Teaching a robot a new job now takes hours, not months
Google's Gemini Robotics 2 can adapt to a brand-new robot body in a few hours — which changes the biggest bottleneck in commercial robotics.
- 92%
- success rate unscrewing a light bulb
- < 200 examples
- data to adapt to a new robot body
- 3
- AI models working together
- Jul 30, 2026
- release date
Building a useful robot has always needed two expensive parts: the physical machine and the software to control it. The software had to be written almost from scratch for every new robot — a process that took months. Google DeepMind released Gemini Robotics 2 on July 30, and it changes that fundamentally. The system is a single AI that runs any robot body — and learns a new one in just a few hours.

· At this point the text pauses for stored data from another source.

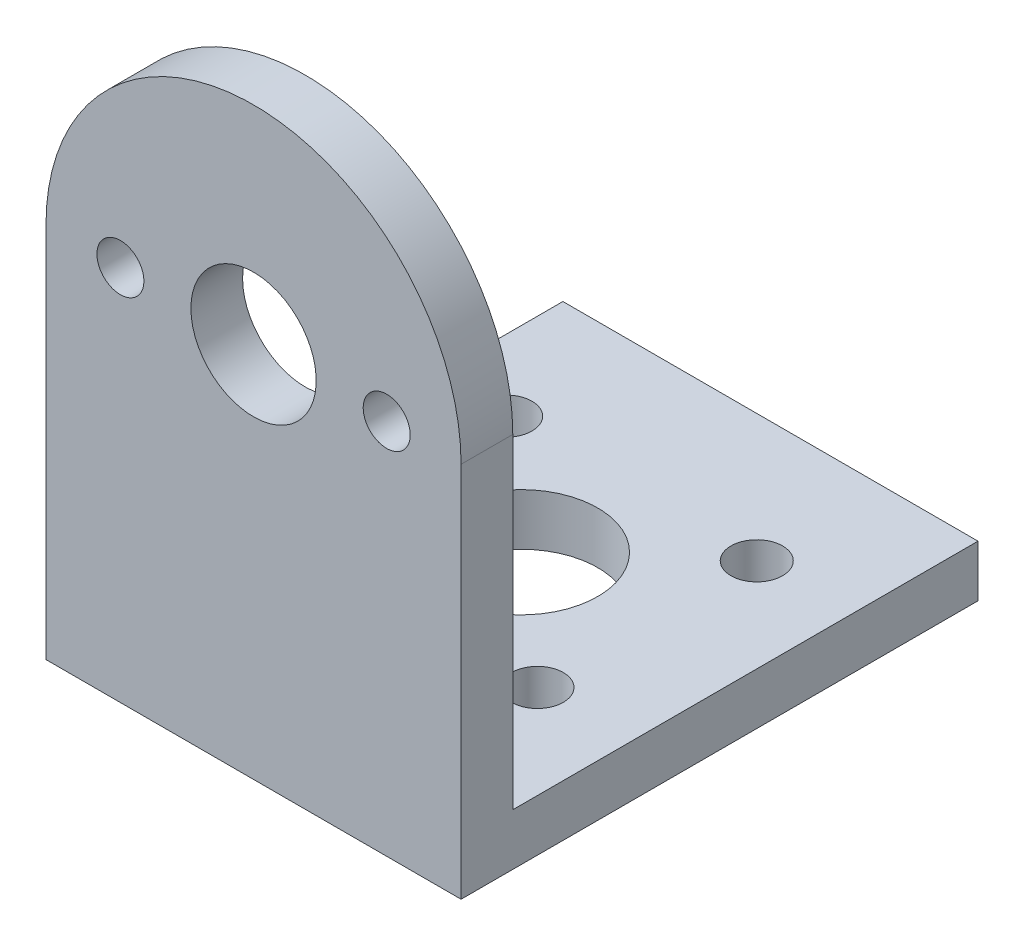
from build123d import *

# Parameters (mm, degrees)
SKETCH_1_W          = 26.5
SKETCH_1_H          = 33
SKETCH_1_R          = 4.9
SKETCH_1_R_2        = 1.65
EXTRUDE_1_DEPTH     = 3.3
SKETCH_2_W          = 26.5
SKETCH_2_H          = 3.3
EXTRUDE_2_DEPTH     = 34
CUT_EXTRUDE_3_DEPTH = 34
SKETCH_4_R          = 4
SKETCH_4_R_2        = 1.5
CUT_EXTRUDE_4_DEPTH = 34


with BuildPart() as part:
    # 草图1 → 凸台-拉伸1 (new body)
    with BuildSketch(Plane(origin=(0, 0, 0), x_dir=(1, 0, 0), z_dir=(0, 1, 0))):
        with Locations((13.25, 16.5)):
            Rectangle(SKETCH_1_W, SKETCH_1_H)
        with Locations(Location((12.525580031, 17.8, 0), (0, 0, 270))):
            Circle(SKETCH_1_R, mode=Mode.SUBTRACT)
        with Locations(Location((4.525580031, 24.85, 0), (0, 0, 270))):
            Circle(SKETCH_1_R_2, mode=Mode.SUBTRACT)
        with Locations(Location((20.525580031, 24.85, 0), (0, 0, 90))):
            Circle(SKETCH_1_R_2, mode=Mode.SUBTRACT)
        with Locations(Location((4.525580031, 10.85, 0), (0, 0, 270))):
            Circle(SKETCH_1_R_2, mode=Mode.SUBTRACT)
        with Locations(Location((20.525580031, 10.85, 0), (0, 0, 270))):
            Circle(SKETCH_1_R_2, mode=Mode.SUBTRACT)
    extrude(amount=EXTRUDE_1_DEPTH)

    # 草图2 → 凸台-拉伸2 (add)
    with BuildSketch(Plane(origin=(0, 3.3, 0), x_dir=(1, 0, 0), z_dir=(0, 1, 0))):
        with Locations((13.25, 1.65)):
            Rectangle(SKETCH_2_W, SKETCH_2_H)
    extrude(amount=EXTRUDE_2_DEPTH)

    # 草图3 → 切除-拉伸3 (cut)
    with BuildSketch(Plane(origin=(0, 0, -3.3), x_dir=(-1, 0, 0), z_dir=(0, 0, -1))):
        with BuildLine():
            Line((-26.5, 37.3), (-26.5, 24.05))
            ThreePointArc((-26.5, 24.05), (-22.619164851, 33.419164851), (-13.25, 37.3))
            Line((-13.25, 37.3), (-26.5, 37.3))
        make_face()
        with BuildLine():
            ThreePointArc((-13.25, 37.3), (-3.880835149, 33.419164851), (0, 24.05))
            Line((0, 24.05), (0, 37.3))
            Line((0, 37.3), (-13.25, 37.3))
        make_face()
    extrude(amount=-CUT_EXTRUDE_3_DEPTH, mode=Mode.SUBTRACT)

    # 草图4 → 切除-拉伸4 (cut)
    with BuildSketch(Plane(origin=(0, 0, -3.3), x_dir=(-1, 0, 0), z_dir=(0, 0, -1))):
        with Locations((-13.25, 24.05)):
            Circle(SKETCH_4_R)
        with Locations((-4.75, 24.05)):
            Circle(SKETCH_4_R_2)
        with Locations((-21.75, 24.05)):
            Circle(SKETCH_4_R_2)
    extrude(amount=-CUT_EXTRUDE_4_DEPTH, mode=Mode.SUBTRACT)


solid = part.part

The system is actually three models working together. One does high-level planning, deciding what the robot should do next. Another translates those plans into precise movements, keeping the robot balanced from head to toe. A third version runs entirely on the robot's own computer, no internet required. If something goes wrong mid-task, the robot finds the last step that worked and tries again from there, on its own.
The results so far are uneven but real. Unscrewing a light bulb — a task that requires fingers, wrist, elbow, and full-body balance all working together — succeeded with a 92% success rate. Tying a trash bag worked 44% of the time. Not perfect, but a clear jump from where this technology was just a year ago.
The biggest change for anyone buying or building robotic systems is how fast the AI can transfer to new hardware. Training takes just hours and fewer than 200 examples, not months of custom engineering. Google provides the AI brain; hardware partners like Boston Dynamics and Apptronik supply the robot bodies. That split matters: bring in new hardware and have it running the same day. If you are evaluating robotic systems right now, ask your vendor how long retraining takes for a new machine — that number just became the most important one.